OTHER STUFF (you can do THREE of these -- or do all four and I'll 'score' the best 3):
3. Isolated, small
populations with ranges restricted to relatively small, strictly
bounded habitat patches (like an island, or a desert oasis) appear to
undergo more rapid selective/evolutionary change than do large
species/populations distributed over large geographical areas. Offer at
least one hypothesis for why this should be so. (hint: you might
consider relationships between selective evolutionary change and
non-selective change like ‘gene flow’ or genetic drift -- genetic
change that's not directly related to adaptedness.)
4. Dawkins
makes a clear distinction between 1) the tendency for Darwinian natural
selection to produce specialized 'survival machines' that serve
as vehicles for the replicators (genes) that build them, and 2)
the potential role in the grand picture of a property he calls 'evolvability'
-- the potential, within a lineage or clade, for generating new traits
on which selection might act.
A)
If individual lineages within a larger taxon or clade tend to become
more adaptively specialized over time, what are the likely consequences
for particular species lineages over time? What effect, if any,
might this process or tendency have on the replacement of one major
group by another?
B) What properties might make an organism "good at evolving"? (these might be at genetic or phenotypic level...).
C)
Could the property of 'evolvability' (the potential for rapid
evolutionary change) confer fitness benefits on individual organisms?
If not, is there any reason to think that there might be a
tendency, over time, for life forms to become more 'evolvable'?

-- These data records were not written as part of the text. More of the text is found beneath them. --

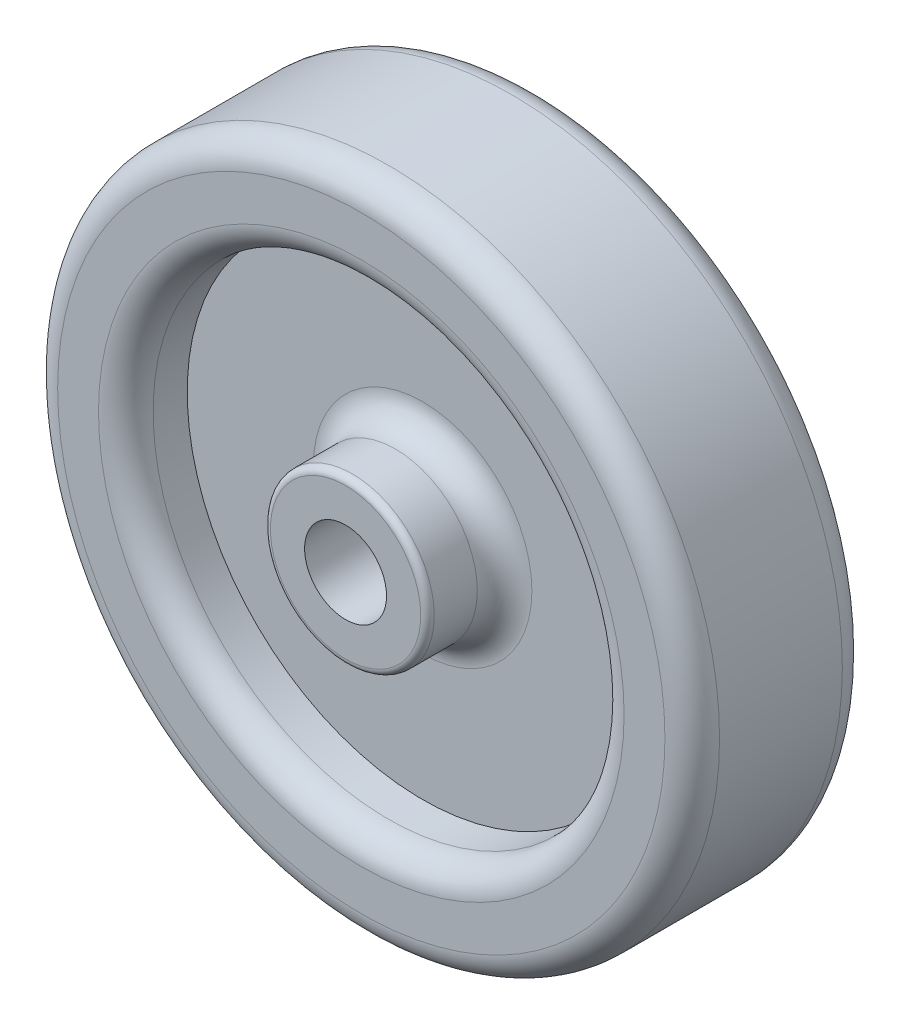
SolidWorks part; units mm, degrees
ref_plane "Front" through (0, 0, 0) normal (0, 0, 1) x (1, 0, 0)
ref_plane "Top" through (0, 0, 0) normal (0, 1, 0) x (1, 0, 0)
ref_plane "Right" through (0, 0, 0) normal (1, 0, 0) x (0, 0, -1)
sketch "Sketch1" plane through (0, 0, 0) normal (0, 0, 1) x (1, 0, 0)
  circle A0 centre (0, 0) radius 38.481
  circle A1 centre (0, 0) radius 4.7625
  dimension "D1" = 9.525
  dimension "D2" = 76.962
extrude "Boss-Extrude1" add sketch "Sketch1" against normal blind 10.3124 and the other way blind 10.3149
sketch "Sketch2" plane through (0, 0, 10.3149) normal (0, 0, 1) x (1, 0, 0)
  circle A0 centre (0, 0) radius 4.7625
  circle A1 centre (0, 0) radius 9.525
  dimension "D1" = 19.05
  dimension "D2" = 9.525
extrude "Boss-Extrude2" add sketch "Sketch2" along normal blind 1.8288 and the other way blind 22.4536
sketch "Sketch3" plane through (0, 0, -10.3124) normal (0, 0, -1) x (-1, 0, 0)
  circle A0 centre (0, 0) radius 9.525
  circle A1 centre (0, 0) radius 27.3812
  dimension "D1" = 54.7624
  dimension "D2" = 19.05
extrude "Cut-Extrude1" cut sketch "Sketch3" against normal blind 7.1374
sketch "Sketch4" plane through (0, 0, 10.3149) normal (0, 0, 1) x (1, 0, 0)
  circle A0 centre (0, 0) radius 9.525
  circle A1 centre (0, 0) radius 27.3812
  dimension "D1" = 19.05
  dimension "D2" = 54.7624
extrude "Cut-Extrude2" cut sketch "Sketch4" against normal blind 7.1374
fillet "Fillet1" radius 3.175 6 edges at (-9.525, 0, -3.175) (9.525, 0, 3.1775) (27.3812, 0, 10.3149) (-27.3812, 0, -10.3124) (38.481, 0, -10.3124) (38.481, 0, 10.3149)
fillet "Fillet2" radius 0.7874 2 edges at (9.525, 0, -12.1387) (9.525, 0, 12.1437)

5. Offer two general hypotheses for why there are no wheeled mammals
(except human extended phenotype); if flight had not already evolved in
mammals, would similar reasoning have applied for why there were no
flighted mammals?
6. Nearly two million years ago, Homo erectus (or, according to more recent taxonomies, Homo of some pre-sapiens species that should have a different name....) spread out of Africa across all of southern Eurasia. By 100,000 years ago or so, Homo erectus was gone, and Homo sapiens occupied more or less the same region. Two general scenarios for this replacement have been proposed:
The 'Out-of-Africa hypothesis' proposes that H. sapiens originated in east Africa, where our species differentiated from ancestral H. erectus (or similar), and spread outward, replacing H. erectus populations (presumably through competition, but predation not excluded...) as they went. Thus, all H. sapiens share a common ancestor in the earliest H. sapiens populations in Africa.
The 'Multiregional hypothesis' suggests that H.erectus populations
throughout this range were gradually modified, by common selective
pressures and as a consequence of frequent immigration/gene flow among populations, so that H. sapiens developed in continuity with H. erectus throughout its range. In this scenario, the ancestors of, for example, east Asian H. sapiens would be largely or entirely east Asian H. erectus, and the most recent common ancestor of all H. sapiens would be much earlier, in the H. erectus lineage.
Address the following questions:
A)
Do either of these hypotheses seem more plausible in principle, given
what you understand of the processes of natural selection and
speciation (explain)?
B)
What sorts of archeological/paleontological evidence might be useful in
discriminating between the two hypotheses (i.e., do the hypotheses
yield different predictions in terms of expected patterns)?
C)
What sorts of genetic relationships among existing humans are
suggested, and how might these be used to assess the hypotheses?